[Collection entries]

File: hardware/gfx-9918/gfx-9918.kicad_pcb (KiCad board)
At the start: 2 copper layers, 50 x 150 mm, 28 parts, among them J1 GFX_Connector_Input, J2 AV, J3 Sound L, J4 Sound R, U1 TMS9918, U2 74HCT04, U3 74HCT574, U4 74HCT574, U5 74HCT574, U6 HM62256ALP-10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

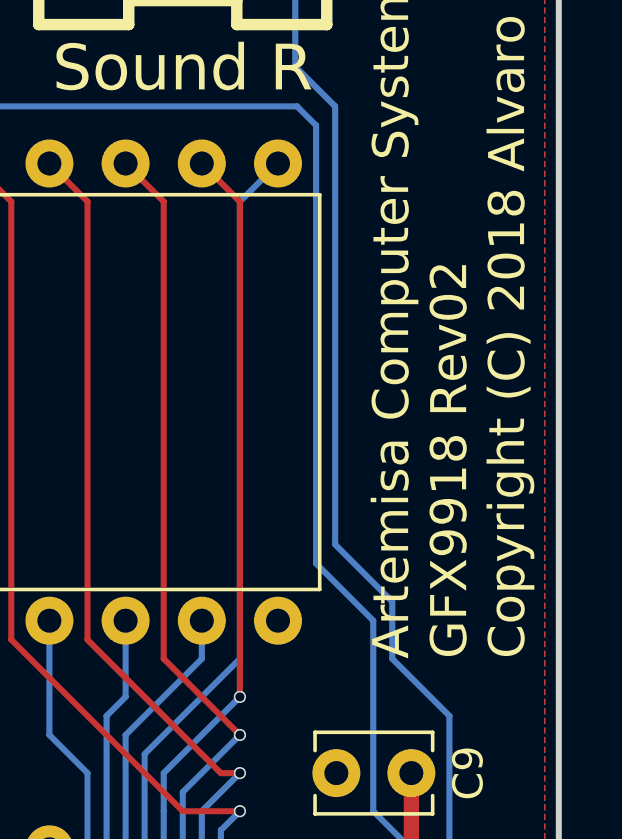
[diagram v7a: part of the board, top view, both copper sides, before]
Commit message: [gfx9918] Bump to rev 3
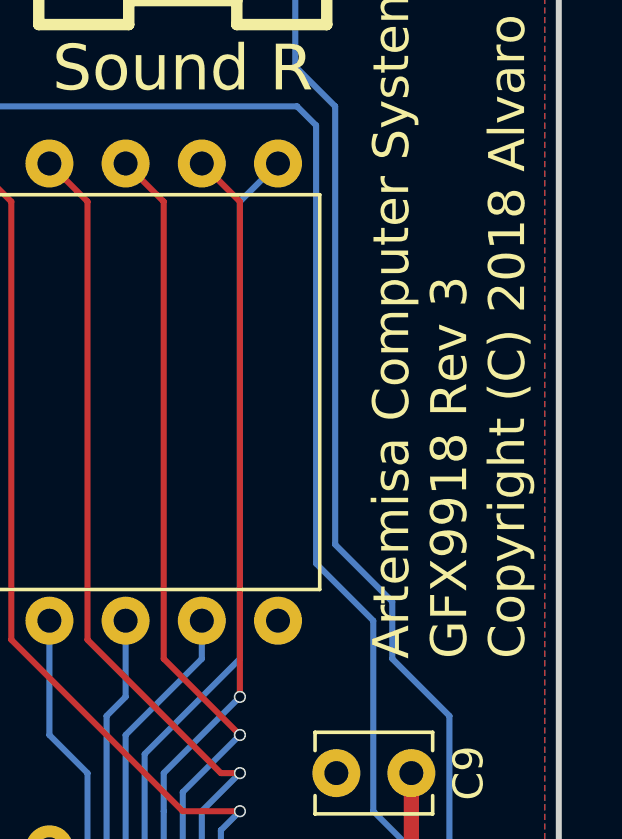
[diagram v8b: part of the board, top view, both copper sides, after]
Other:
- board text added: "Artemisa Computer System GFX9918 Rev 3 Copyright (C) 2018 Alvaro Polo"
- board text removed: "Artemisa Computer System GFX9918 Rev02 Copyright (C) 2018 Alvaro Polo"
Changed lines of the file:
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@@
       (xy -5.472572 -2.546406)) (layer F.SilkS) (width 0.01))
   )
-  (gr_text "Artemisa Computer System\nGFX9918 Rev02\nCopyright (C) 2018 Alvaro Polo" (at 90.355 80.05 90) (layer F.SilkS)
+  (gr_text "Artemisa Computer System\nGFX9918 Rev 3\nCopyright (C) 2018 Alvaro Polo" (at 90.355 80.05 90) (layer F.SilkS)
     (effects (font (size 1.2 1.2) (thickness 0.2)) (justify left))
   )

## [WHAT THE EXERCISE ASKS]
Make a list of all lines in the data that contain "sides".

## [EXERCISE RESULT]
[diagram v7a: part of the board, top view, both copper sides, before]
[diagram v8b: part of the board, top view, both copper sides, after]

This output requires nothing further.